Dormiu por alguns minutos, o sono perturbado o fazia despertar a todo instante, não dormia mais e não conseguia manter-se desperto. “O tumor está afetando tudo, até meu juízo” pensava e tentava se conformar que a morte logo viria, era questão de tempo e de suportar esses últimos dias de desengano, mas Jacob almejava viver ao ouvir o bater das asas das andorinhas. Nessa noite, algo estranho aconteceu, uma visita inesperada, parada na penumbra do quarto, atrás da porta. O músico arregalou bem os olhos manchados de sangue, queria captar a essência daquela presença. Tarsila não pernoitava mais depois que a idade esfriou a paixão entre os dois, quem poderia ser?
Jacob tentou dizer algo, manter contato, acreditava estar sonhando ou preso num sono inquieto como já acontecera, a voz não saiu. Pensou que estava rindo, mas sentiu lágrimas molhando o rosto como se a chuva lá fora estivesse se tornando seu próprio choro. Ouviu passos, não de pés humanos, mas ciscando como as galinhas que povoaram sua infância no campo. Da penumbra um pequeno olho luziu, esperto e malicioso. Uma andorinha do tamanho de um homem adulto deu dois passos para frente e o encarou por um tempo, curiosa. Um trovão espantou os pequenos pássaros dos fios lá fora, todos voaram em desordem perdendo a noção direcional, chocaram-se contra a vidraça do quarto, os cacos explodiram como se Deus tivesse enviado um raio para destruir a casa. Jacob se encolheu, o suor empapava seu corpo por inteiro, os fios grisalhos espalhavam-se pela testa, ele chorava em desespero pedindo mentalmente para aquela criatura se afastar, desaparecer, rezando para acordar do sonho e voltar à realidade.

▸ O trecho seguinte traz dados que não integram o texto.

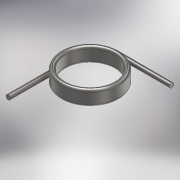
# Autodesk Inventor part: SE03
Saved by Autodesk Inventor 2017 (Build 210142000, 142)
## iProperties
Created: 2019-09-07
Part Number: SE03
Material: Stainless Steel
Document SubType Name: Modeling
Designer: Dell
Density: 8 g/cm^3
Appearance: Semi-Polished
Author: Dell
Autodesk Inventor part; units mm, degrees
ref_plane "YZ Plane" through (0, 0, 0) normal (1, 0, 0) x (0, 1, 0)
ref_plane "XZ Plane" through (0, 0, 0) normal (0, 1, 0) x (-1, 0, 0)
ref_plane "XY Plane" through (0, 0, 0) normal (0, 0, 1) x (1, 0, 0)
sketch "Sketch1" plane through (0, 0, 0) normal (0, 0, 1) x (1, 0, 0)
  circle A0 centre (0, 0) radius 15.494
  circle A1 centre (0, 0) radius 18.415
  dimension "d0" = 30.988
  dimension "d1" = 36.83
  constraints: 2 centre point, 2 coincident
  measures "d0" diameter of A0
  measures "d1" diameter of A1
extrude "Extrusion1" add sketch "Sketch1" along normal blind 9.4933
sketch "Sketch2" plane through (0, 0, 9.4933) normal (0, 0, 1) x (1, 0, 0)
  circle A0 centre (0, 0) radius 15.494 projected
  line L0 (0, 15.494) -> (35, 15.494)
  line L1 (35, 15.494) -> (35, 18.415)
  line L2 (35, 18.415) -> (0, 18.415)
  circle A1 centre (0, 0) radius 18.415 projected
  line L3 (0, 15.494) -> (0, 18.415)
  dimension "d4" = 35
  constraints: 8 end point, 2 horizontal, 2 perpendicular, 1 tangent, 1 vertical, 1 vertical alignment, 1 other
  measures "d4" distance between parallel lines of L1 L3
extrude "Extrusion2" add sketch "Sketch2" against normal blind 2.921 contours L3 A1 L0 | A1 L2 L1 L0 picked at (5.5979, 16.0283)
sketch "Sketch3" plane through (0, 0, 0) normal (0, 0, -1) x (-1, 0, 0)
  line L0 (18.415, 0) -> (18.415, -35)
  line L1 (18.415, -35) -> (15.494, -35)
  line L2 (15.494, -35) -> (15.494, 0)
  circle A0 centre (0, 0) radius 15.494 projected
  line L3 (15.494, 0) -> (18.415, 0)
  circle A1 centre (0, 0) radius 18.415 projected
  point P0 (16.9545, 0)
  dimension "d7" = 35
  constraints: 8 end point, 2 horizontal alignment, 2 perpendicular, 1 midpoint, 1 tangent, 1 vertical, 1 other
  measures "d7" distance between parallel lines of L3 L1
extrude "Extrusion3" add sketch "Sketch3" against normal blind 2.921 contours A1 L2 L3 | L0 L1 L2 A1 picked at (16.0283, -5.5979)
fillet "Fillet1" radius 1.397 16 edges at (17.5, 18.415, 9.4933) (-13.0214, -13.0214, 9.4933) (16.1614, 8.8273, 9.4933) (-18.415, -17.5, 0) (0, 18.415, 0) (5.186, -17.6697, 0) (-15.494, -22.4761, 0) (-15.494, -22.4761, 2.921) (-18.415, -17.5, 2.921) (22.4761, 15.494, 6.5723) (22.4761, 15.494, 9.4933) (17.5, 18.415, 6.5723) (-10.9559, -10.9559, 9.4933) (10.9559, 10.9559, 9.4933) (0, -15.494, 0) (0, 15.494, 0)
body "Solid1"
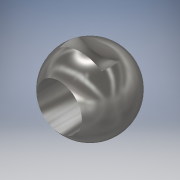
# Autodesk Inventor part: Ball
Saved by Autodesk Inventor 2018 (Build 220112000, 112)
## iProperties
Created: 2017-09-12
Part Number: Ball
Material: Stainless Steel
Document SubType Name: Modeling
Designer: kurtis
Density: 8 g/cm^3
Appearance: Semi-Polished
Author: kurtis
Autodesk Inventor part; units mm, degrees
ref_plane "YZ Plane" through (0, 0, 0) normal (1, 0, 0) x (0, 1, 0)
ref_plane "XZ Plane" through (0, 0, 0) normal (0, 1, 0) x (-1, 0, 0)
sketch "Sketch1" plane through (0, 0, 0) normal (0, 0, 1) x (1, 0, 0)
  line L0 (-16, -27) -> (-16, 27)
  line L1 (-16, 27) -> (16, 27)
  line L2 (16, 27) -> (16, -27)
  line L3 (16, -27) -> (-16, -27)
  line L4 (-16, -27) -> (16, 27) construction
  line L5 (-16, 27) -> (16, -27) construction
  line L6 (0, 27) -> (0, -27) construction
  arc A0 (-16, 21.7486) -> (-16, -21.7486) centre (0, 0) ccw
  arc A1 (16, -21.7486) -> (16, 21.7486) centre (0, 0) ccw
  line L7 (0, 0) -> (51.7536, 0) construction
  dimension "d1" = 32
  dimension "d2" = 27
  constraints: 16 end point, 4 midpoint, 4 point on circle, 4 point on line, 2 centre point, 2 parallel, 2 tangent, 1 coincident, 1 horizontal, 1 perpendicular, 1 vertical
  measures "d1" distance of L0.end L1.end
  measures "d2" radius of A1
revolve "Revolution1" add sketch "Sketch1" angle 360 about axis through (0, 27, 0) along (0, -1, 0) contours A0 L0
ref_plane "Work Plane5" through (16, -27, 0) normal (0, -1, 0) x (1, 0, 0)
ref_plane "Work Plane7" through (0, 0, 0) normal (0, -1, 0) x (1, 0, 0)
ref_plane "Work Plane6" through (0, 27, 0) normal (0, -1, 0) x (1, 0, 0)
sketch "Sketch4" plane through (0, 0, 0) normal (0, -1, 0) x (1, 0, 0)
  line L0 (0, 0) -> (0, 50) construction
  arc A0 (-15.582, 22.05) -> (15.582, 22.05) centre (0, 50) ccw
  circle A1 centre (0, 0) radius 27
  line L1 (0, 50) -> (-15.582, 22.05) construction
  line L2 (0, 50) -> (15.582, 22.05) construction
  dimension "d10" = 50
  dimension "d11" = 32
  dimension "d12" = 58.279
  dimension "d13" = 24.3468
  dimension "d14" = 0
  constraints: 6 end point, 4 point on circle, 2 centre point, 2 coincident, 1 vertical
  measures "d10" distance of L0.start L0.end
  measures "d11" radius of A0
  measures "d12" angle of L2 L1
  measures "d13" distance from line of point (0, 0) L2
  measures "d14" distance from line of point (0, 0) L0
extrude "Extrusion1" cut sketch "Sketch4" along normal mid plane 13 contours A1 A0 picked at (1.0831, 23.9191)
body "Solid1"
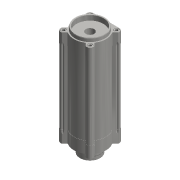
# Autodesk Inventor part: ESBF-BS-100-100---(ZR_-_-)
Saved by Autodesk Inventor 2021 (Build 250183000, 183)
## iProperties
Part Number: ESBF-BS-100-100---(ZR_-_-)
Material: Steel AISI 1080
Catalog Web Link: www.cadenas.de
Description: ESBF-(ZR)-Electro-cylinder
Vendor: FESTO
Document SubType Name: Modeling
Designer: partserver
Manufacturer: FESTO
Mass: 16884 g
Surface Area: 3014.64 cm^2
Volume: 2150.83 cm^3
Density: 7.85 g/cm^3
Appearance: Steel
Category: PARTsolutions
Company: FESTO
PSOL_IDENT_0: {$CADENAS_DATA\23d-libs\festo\parts\e\esbf\parts\esbf_zr.prj},210 {VTYP=3D},{NB=ESBF-BS-100-100---(Z
PSOL_IDENT_1: R_-_-)},{LINA=ESBF-BS-100-100---(ZR_-_-)},{NN=ESBF-(ZR)},{DATE=27.05.2021 13:20:18},{GEOMDATE=27.05.
PSOL_IDENT_2: 2021 13:19:59},{VERSION=},{LINEID=30},{WBVAR=HUB,SCEL,BWE},{WBNUMERIC=HUB}  {NB=ESBF-BS-100-100---(Z
PSOL_IDENT_3: R_-_-)},{LINA=ESBF-BS-100-100---(ZR_-_-)},{KT=DUMMY},{TNR=574092},{TYP=ESBF-BS-100},{KDM=100},{HUB=1
PSOL_IDENT_4: 00},{SCEL=-},{BWE=-},{A=29.000},{ANG=45.000},{B=70.000},{B1=68.000},{BE1=18.000},{BG=17.000},{D1=50.
PSOL_IDENT_5: 000},{D2=24.000},{D2R=15.000},{D3=100.000},{D3R=15.800},{D5=90.000},{E=110.000},{E1=0.000},{EG=20.50
PSOL_IDENT_6: 0},{G=39.000},{G1=39.000},{HE=4.000},{R1=10.500},{R1I=10.000},{R2=107.600},{TG=89.000},{RI=53.250},{
PSOL_IDENT_7: RK=1.500},{T5=16.500},{J2=0.000},{L10=21.000},{L14=30.000},{L16=20.200},{L18=0.000},{L1=33.000},{L2=
PSOL_IDENT_8: 224.000},{L3=39.500},{L7=68.500},{M1=10.000},{PL=0.000},{SW3=6.000},{SWT=25.900},{VA=12.000},{VD=20.
PSOL_IDENT_9: 000},{D100=0.000},{GUA=28.000},{B2=5.000},{D6=51.500},{D7=61.200},{BWE1='-','F1A'}
NB: ESBF-BS-100-100---(ZR_-_-)
NN: ESBF-(ZR)
NT: Electro-cylinder
NBSYN: $TYP.-$HUB.---(ZR_$SCEL._$BWE.)
LINA: ESBF-BS-100-100---(ZR_-_-)
CATALOG: Festo
TNR: 574092
TYP: ESBF-BS-100
KDM: 100
HUB: 100
SCEL: -
BWE: -
A: 29
ANG: 45
B: 70
B1: 68
BE1: 18
BG: 17
D1: 50
D2: 24
D2R: 15
D3: 100
D3R: 15.8
D5: 90
E: 110
E1: 0
EG: 20.5
G: 39
G1: 39
HE: 4
R1: 10.5
R1I: 10
R2: 107.6
TG: 89
RI: 53.25
RK: 1.5
T5: 16.5
J2: 0
L10: 21
L14: 30
L16: 20.2
L18: 0
L1: 33
L2: 224
L3: 39.5
L7: 68.5
M1: 10
PL: 0
SW3: 6
SWT: 25.9
VA: 12
VD: 20
D100: 0
GUA: 28
B2: 5
D6: 51.5
D7: 61.2
SUPPLIER: FESTO
ARTICLENO: ESBF-BS-100-100---(ZR_-_-)
BOMINFO: ESBF-BS-100-100---(ZR_-_-)
CREATOR: CADENAS GmbH
Title: ESBF-BS-100-100---(ZR_-_-)
Author: Cadenas PARTsolutions
Comments: Electro-cylinder
Autodesk Inventor part; units mm, degrees
sketch "Sketch_1" plane through (0, 0, -39) normal (0, 0, 1) x (1, 0, 0)
  arc A0 (-55, 40.7721) -> (-54.5607, 39.7114) centre (-53.5, 40.7721) ccw
  line L0 (-54.5607, 39.7114) -> (-45.5959, 30.7466)
  arc A1 (-45.391, 28.8808) -> (-45.5959, 30.7466) centre (-46.6565, 29.686) ccw
  arc A2 (-45.391, 28.8808) -> (-45.391, -28.8808) centre (0, 0) ccw
  arc A3 (-45.5959, -30.7466) -> (-45.391, -28.8808) centre (-46.6565, -29.686) ccw
  line L1 (-45.5959, -30.7466) -> (-54.5607, -39.7114)
  arc A4 (-54.5607, -39.7114) -> (-55, -40.7721) centre (-53.5, -40.7721) ccw
  line L2 (-55, -40.7721) -> (-55, -44.5)
  arc A5 (-55, -44.5) -> (-44.5, -55) centre (-44.5, -44.5) ccw
  line L3 (-44.5, -55) -> (-40.7721, -55)
  arc A6 (-40.7721, -55) -> (-39.7114, -54.5607) centre (-40.7721, -53.5) ccw
  line L4 (-39.7114, -54.5607) -> (-30.7466, -45.5959)
  arc A7 (-28.8808, -45.391) -> (-30.7466, -45.5959) centre (-29.686, -46.6565) ccw
  arc A8 (-28.8808, -45.391) -> (28.8808, -45.391) centre (0, 0) ccw
  arc A9 (30.7466, -45.5959) -> (28.8808, -45.391) centre (29.686, -46.6565) ccw
  line L5 (30.7466, -45.5959) -> (39.7114, -54.5607)
  arc A10 (39.7114, -54.5607) -> (40.7721, -55) centre (40.7721, -53.5) ccw
  line L6 (40.7721, -55) -> (44.5, -55)
  arc A11 (44.5, -55) -> (55, -44.5) centre (44.5, -44.5) ccw
  line L7 (55, -44.5) -> (55, -40.7721)
  arc A12 (55, -40.7721) -> (54.5607, -39.7114) centre (53.5, -40.7721) ccw
  line L8 (54.5607, -39.7114) -> (45.5959, -30.7466)
  arc A13 (45.391, -28.8808) -> (45.5959, -30.7466) centre (46.6565, -29.686) ccw
  arc A14 (45.391, -28.8808) -> (45.391, 28.8808) centre (0, 0) ccw
  arc A15 (45.5959, 30.7466) -> (45.391, 28.8808) centre (46.6565, 29.686) ccw
  line L9 (45.5959, 30.7466) -> (54.5607, 39.7114)
  arc A16 (54.5607, 39.7114) -> (55, 40.7721) centre (53.5, 40.7721) ccw
  line L10 (55, 40.7721) -> (55, 44.5)
  arc A17 (55, 44.5) -> (44.5, 55) centre (44.5, 44.5) ccw
  line L11 (44.5, 55) -> (-44.5, 55)
  arc A18 (-44.5, 55) -> (-55, 44.5) centre (-44.5, 44.5) ccw
  line L12 (-55, 44.5) -> (-55, 40.7721)
  constraints: 38 point on circle, 26 end point, 19 centre point
extrude "Extrusion1" add sketch "Sketch_1" along normal blind 39
sketch "Sketch_8" plane through (0, 0, -39) normal (0, 0, 1) x (1, 0, 0)
  line L0 (-50, 73) -> (50, 73)
  line L1 (-41.5, 68.75) -> (-41.5, 55)
  line L2 (-41.5, 55) -> (-39.2483, 51.1)
  arc A0 (-39.2483, 51.1) -> (-39.0751, 51) centre (-39.0751, 51.2) ccw
  line L3 (-39.0751, 51) -> (-38.3734, 51)
  arc A1 (-38.3734, 51) -> (-38.232, 51.0586) centre (-38.3734, 51.2) ccw
  line L4 (-38.232, 51.0586) -> (-34.2906, 55)
  line L5 (-34.2906, 55) -> (34.2906, 55)
  line L6 (34.2906, 55) -> (38.232, 51.0586)
  arc A2 (38.232, 51.0586) -> (38.3734, 51) centre (38.3734, 51.2) ccw
  line L7 (38.3734, 51) -> (39.0751, 51)
  arc A3 (39.0751, 51) -> (39.2483, 51.1) centre (39.0751, 51.2) ccw
  line L8 (39.2483, 51.1) -> (41.5, 55)
  line L9 (41.5, 55) -> (41.5, 68.75)
  line L10 (41.5, 68.75) -> (-41.5, 68.75)
  constraints: 22 end point, 8 point on circle, 4 centre point
revolve "Revolution1" cut sketch "Sketch_8" angle 360 about axis through (-50, 73, -39) along (-1, 0, 0)
sketch "Sketch_21" plane through (0, 0, -39) normal (0, 0, 1) x (1, 0, 0)
  line L0 (50, -74) -> (-50, -74)
  line L1 (-41.5, -68.75) -> (41.5, -68.75)
  line L2 (41.5, -68.75) -> (41.5, -55)
  line L3 (41.5, -55) -> (39.2483, -51.1)
  arc A0 (39.2483, -51.1) -> (39.0751, -51) centre (39.0751, -51.2) ccw
  line L4 (39.0751, -51) -> (25.0048, -51)
  arc A1 (-25.0048, -51) -> (25.0048, -51) centre (0, 0) ccw
  line L5 (-25.0048, -51) -> (-39.0751, -51)
  arc A2 (-39.0751, -51) -> (-39.2483, -51.1) centre (-39.0751, -51.2) ccw
  line L6 (-39.2483, -51.1) -> (-41.5, -55)
  line L7 (-41.5, -55) -> (-41.5, -68.75)
  constraints: 16 end point, 6 point on circle, 3 centre point
revolve "Revolution2" cut sketch "Sketch_21" angle 360 about axis through (50, -74, -39) along (1, 0, 0)
sketch "Sketch_23" plane through (0, 0, -39) normal (0, 0, 1) x (1, 0, 0)
  line L0 (74, 50) -> (74, -50)
  line L1 (51, -25.0048) -> (51, -39.0751)
  arc A0 (51, -39.0751) -> (51.1, -39.2483) centre (51.2, -39.0751) ccw
  line L2 (51.1, -39.2483) -> (55, -41.5)
  line L3 (55, -41.5) -> (68.75, -41.5)
  line L4 (68.75, -41.5) -> (68.75, 41.5)
  line L5 (68.75, 41.5) -> (55, 41.5)
  line L6 (55, 41.5) -> (51.1, 39.2483)
  arc A1 (51.1, 39.2483) -> (51, 39.0751) centre (51.2, 39.0751) ccw
  line L7 (51, 39.0751) -> (51, 25.0048)
  arc A2 (51, -25.0048) -> (51, 25.0048) centre (0, 0) ccw
  constraints: 16 end point, 6 point on circle, 3 centre point
revolve "Revolution3" cut sketch "Sketch_23" angle 360 about axis through (74, 50, -39) along (0, 1, 0)
sketch "Sketch_24" plane through (0, 0, -39) normal (0, 0, 1) x (1, 0, 0)
  line L0 (-74, -50) -> (-74, 50)
  line L1 (-68.75, -41.5) -> (-55, -41.5)
  line L2 (-55, -41.5) -> (-51.1, -39.2483)
  arc A0 (-51.1, -39.2483) -> (-51, -39.0751) centre (-51.2, -39.0751) ccw
  line L3 (-51, -39.0751) -> (-51, -25.0048)
  arc A1 (-51, 25.0048) -> (-51, -25.0048) centre (0, 0) ccw
  line L4 (-51, 25.0048) -> (-51, 39.0751)
  arc A2 (-51, 39.0751) -> (-51.1, 39.2483) centre (-51.2, 39.0751) ccw
  line L5 (-51.1, 39.2483) -> (-55, 41.5)
  line L6 (-55, 41.5) -> (-68.75, 41.5)
  line L7 (-68.75, 41.5) -> (-68.75, -41.5)
  constraints: 16 end point, 6 point on circle, 3 centre point
revolve "Revolution4" cut sketch "Sketch_24" angle 360 about axis through (-74, -50, -39) along (0, -1, 0)
sketch "Sketch_41" plane through (0, 0, 0) normal (1, 0, 0) x (0, 1, 0)
  line L0 (0, -285) -> (0, -39)
  line L1 (0, -39) -> (5, -39)
  line L2 (5, -39) -> (5, -285)
  line L3 (5, -285) -> (0, -285)
  line L4 (0, -285) -> (0, -39)
  constraints: 10 end point
revolve "Revolution5" add sketch "Sketch_41" angle 360 about axis through (0, 0, -285) along (0, 0, -1)
sketch "Sketch_5" plane through (0, 0, -285) normal (0, 0, 1) x (1, 0, 0)
  arc A0 (-55, 40.7721) -> (-54.5607, 39.7114) centre (-53.5, 40.7721) ccw
  line L0 (-54.5607, 39.7114) -> (-45.5959, 30.7466)
  arc A1 (-45.391, 28.8808) -> (-45.5959, 30.7466) centre (-46.6565, 29.686) ccw
  arc A2 (-45.391, 28.8808) -> (-45.391, -28.8808) centre (0, 0) ccw
  arc A3 (-45.5959, -30.7466) -> (-45.391, -28.8808) centre (-46.6565, -29.686) ccw
  line L1 (-45.5959, -30.7466) -> (-54.5607, -39.7114)
  arc A4 (-54.5607, -39.7114) -> (-55, -40.7721) centre (-53.5, -40.7721) ccw
  line L2 (-55, -40.7721) -> (-55, -44.5)
  arc A5 (-55, -44.5) -> (-44.5, -55) centre (-44.5, -44.5) ccw
  line L3 (-44.5, -55) -> (-40.7721, -55)
  arc A6 (-40.7721, -55) -> (-39.7114, -54.5607) centre (-40.7721, -53.5) ccw
  line L4 (-39.7114, -54.5607) -> (-30.7466, -45.5959)
  arc A7 (-28.8808, -45.391) -> (-30.7466, -45.5959) centre (-29.686, -46.6565) ccw
  arc A8 (-28.8808, -45.391) -> (28.8808, -45.391) centre (0, 0) ccw
  arc A9 (30.7466, -45.5959) -> (28.8808, -45.391) centre (29.686, -46.6565) ccw
  line L5 (30.7466, -45.5959) -> (39.7114, -54.5607)
  arc A10 (39.7114, -54.5607) -> (40.7721, -55) centre (40.7721, -53.5) ccw
  line L6 (40.7721, -55) -> (44.5, -55)
  arc A11 (44.5, -55) -> (55, -44.5) centre (44.5, -44.5) ccw
  line L7 (55, -44.5) -> (55, -40.7721)
  arc A12 (55, -40.7721) -> (54.5607, -39.7114) centre (53.5, -40.7721) ccw
  line L8 (54.5607, -39.7114) -> (45.5959, -30.7466)
  arc A13 (45.391, -28.8808) -> (45.5959, -30.7466) centre (46.6565, -29.686) ccw
  arc A14 (45.391, -28.8808) -> (45.391, 28.8808) centre (0, 0) ccw
  arc A15 (45.5959, 30.7466) -> (45.391, 28.8808) centre (46.6565, 29.686) ccw
  line L9 (45.5959, 30.7466) -> (54.5607, 39.7114)
  arc A16 (54.5607, 39.7114) -> (55, 40.7721) centre (53.5, 40.7721) ccw
  line L10 (55, 40.7721) -> (55, 44.5)
  arc A17 (55, 44.5) -> (44.5, 55) centre (44.5, 44.5) ccw
  line L11 (44.5, 55) -> (-44.5, 55)
  arc A18 (-44.5, 55) -> (-55, 44.5) centre (-44.5, 44.5) ccw
  line L12 (-55, 44.5) -> (-55, 40.7721)
  constraints: 38 point on circle, 26 end point, 19 centre point
extrude "Extrusion2" add sketch "Sketch_5" against normal blind 39
sketch "Sketch_4" plane through (0, 0, -285) normal (0, 0, 1) x (1, 0, 0)
  line L0 (-50, 74) -> (50, 74)
  line L1 (-41.5, 68.75) -> (-41.5, 55)
  line L2 (-41.5, 55) -> (-39.2483, 51.1)
  arc A0 (-39.2483, 51.1) -> (-39.0751, 51) centre (-39.0751, 51.2) ccw
  line L3 (-39.0751, 51) -> (-38.3734, 51)
  arc A1 (-38.3734, 51) -> (-38.232, 51.0586) centre (-38.3734, 51.2) ccw
  line L4 (-38.232, 51.0586) -> (-34.2906, 55)
  line L5 (-34.2906, 55) -> (34.2906, 55)
  line L6 (34.2906, 55) -> (38.232, 51.0586)
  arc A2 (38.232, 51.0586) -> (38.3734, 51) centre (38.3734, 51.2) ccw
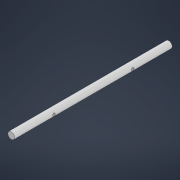
# Autodesk Inventor part: Eixo_traseiro
Saved by Autodesk Inventor 2022 (Build 260153000, 153)
## iProperties
Created: 2022-06-10
Part Number: Eixo_traseiro
Material: Generic
Document SubType Name: Modeling
Designer: Gugarauj07
Density: 1 g/cm^3
Appearance: Default
Author: Gugarauj07
Autodesk Inventor part; units mm, degrees
ref_plane "YZ Plane" through (0, 0, 0) normal (1, 0, 0) x (0, 1, 0)
ref_plane "XZ Plane" through (0, 0, 0) normal (0, 1, 0) x (-1, 0, 0)
ref_plane "XY Plane" through (0, 0, 0) normal (0, 0, 1) x (1, 0, 0)
sketch "Sketch1" plane through (0, 0, 0) normal (1, 0, 0) x (0, 1, 0)
  line L0 (12.7, 300) -> (-12.7, 300)
  line L1 (-12.7, 300) -> (-12.7, -300)
  line L2 (-12.7, -300) -> (12.7, -300)
  line L3 (12.7, -300) -> (12.7, 300)
  line L4 (12.7, 300) -> (-12.7, -300) construction
  line L5 (-12.7, 300) -> (12.7, -300) construction
  circle A0 centre (0, 150) radius 5
  circle A1 centre (0, -150) radius 5
  line L6 (0, 0) -> (0, -150)
  dimension "d0" = 25.4
  dimension "d1" = 600
  dimension "d3" = 10
  dimension "d8" = 150
  constraints: 14 end point, 2 centre point, 2 midpoint, 2 parallel, 1 horizontal, 1 perpendicular, 1 vertical
  measures "d0" distance of L2.end L1.end
  measures "d1" distance of L0.end L1.end
  measures "d3" diameter of A0
  measures "d8" distance of L6.start L6.end
extrude "Extrusion1" add sketch "Sketch1" along normal blind 25.4
fillet "Fillet1" radius 12.7 4 edges at (25.4, -12.7, 0) (0, -12.7, 0) (25.4, 12.7, 0) (0, 12.7, 0)
body "Solid1"

Uma voz suave ecoou pelo quarto e um afago lhe cobriu o corpo da cintura até o topo da cabeça, as pontas de penas roçando por inteiro gerando calafrios horríveis.
- Jacob, a vida é radiante como um raio de sol na primeira hora da manhã. A escuridão se dissipa com a chegada do grande astro, não importa quão escura seja a noite. Dias e noites pediu por isso, agarrado à sua vida, implorando mesmo quando já havia entregue os pontos. Sua noite vai chegar ao fim, um belo dia ensolarado nascerá, a questão é: você irá suportar a claridade?-
O músico tirou a cabeça do travesseiro e olhou na direção da grande cabeça de pássaro, o bico entreaberto parecia-se tanto com uma tesoura na escuridão, ele gritou, a garganta estourando em sangue, gritou para ser deixado em paz. O mundo girou e girou, Jacob sentiu-se arremessado para fora da cama. Tudo mergulhou no silêncio, o mundo não existia mais, não o que ele conhecia, antes das andorinhas.
Os primeiros raios do sol fizeram seus olhos doerem, à sua volta rostos embaçados o encaravam, perplexos. Vozes se misturavam em uma balbúrdia detestável. Entre todos ruídos reconheceu a voz de Tarsila longe, muito longe.
- Senhor Jacob, por Deus, você se jogou da janela, meu senhor, a ajuda já está a caminho, sente muita dor?-
Um raio de sol incidiu no fundo de seus olhos, agora saudáveis e livres de sangue coagulado, forçando-o a fechá-los.
- Não sinto dor, Tarsila, estou voando. –
Ao nascer do sol o bando de andorinhas voou para nunca mais retornar.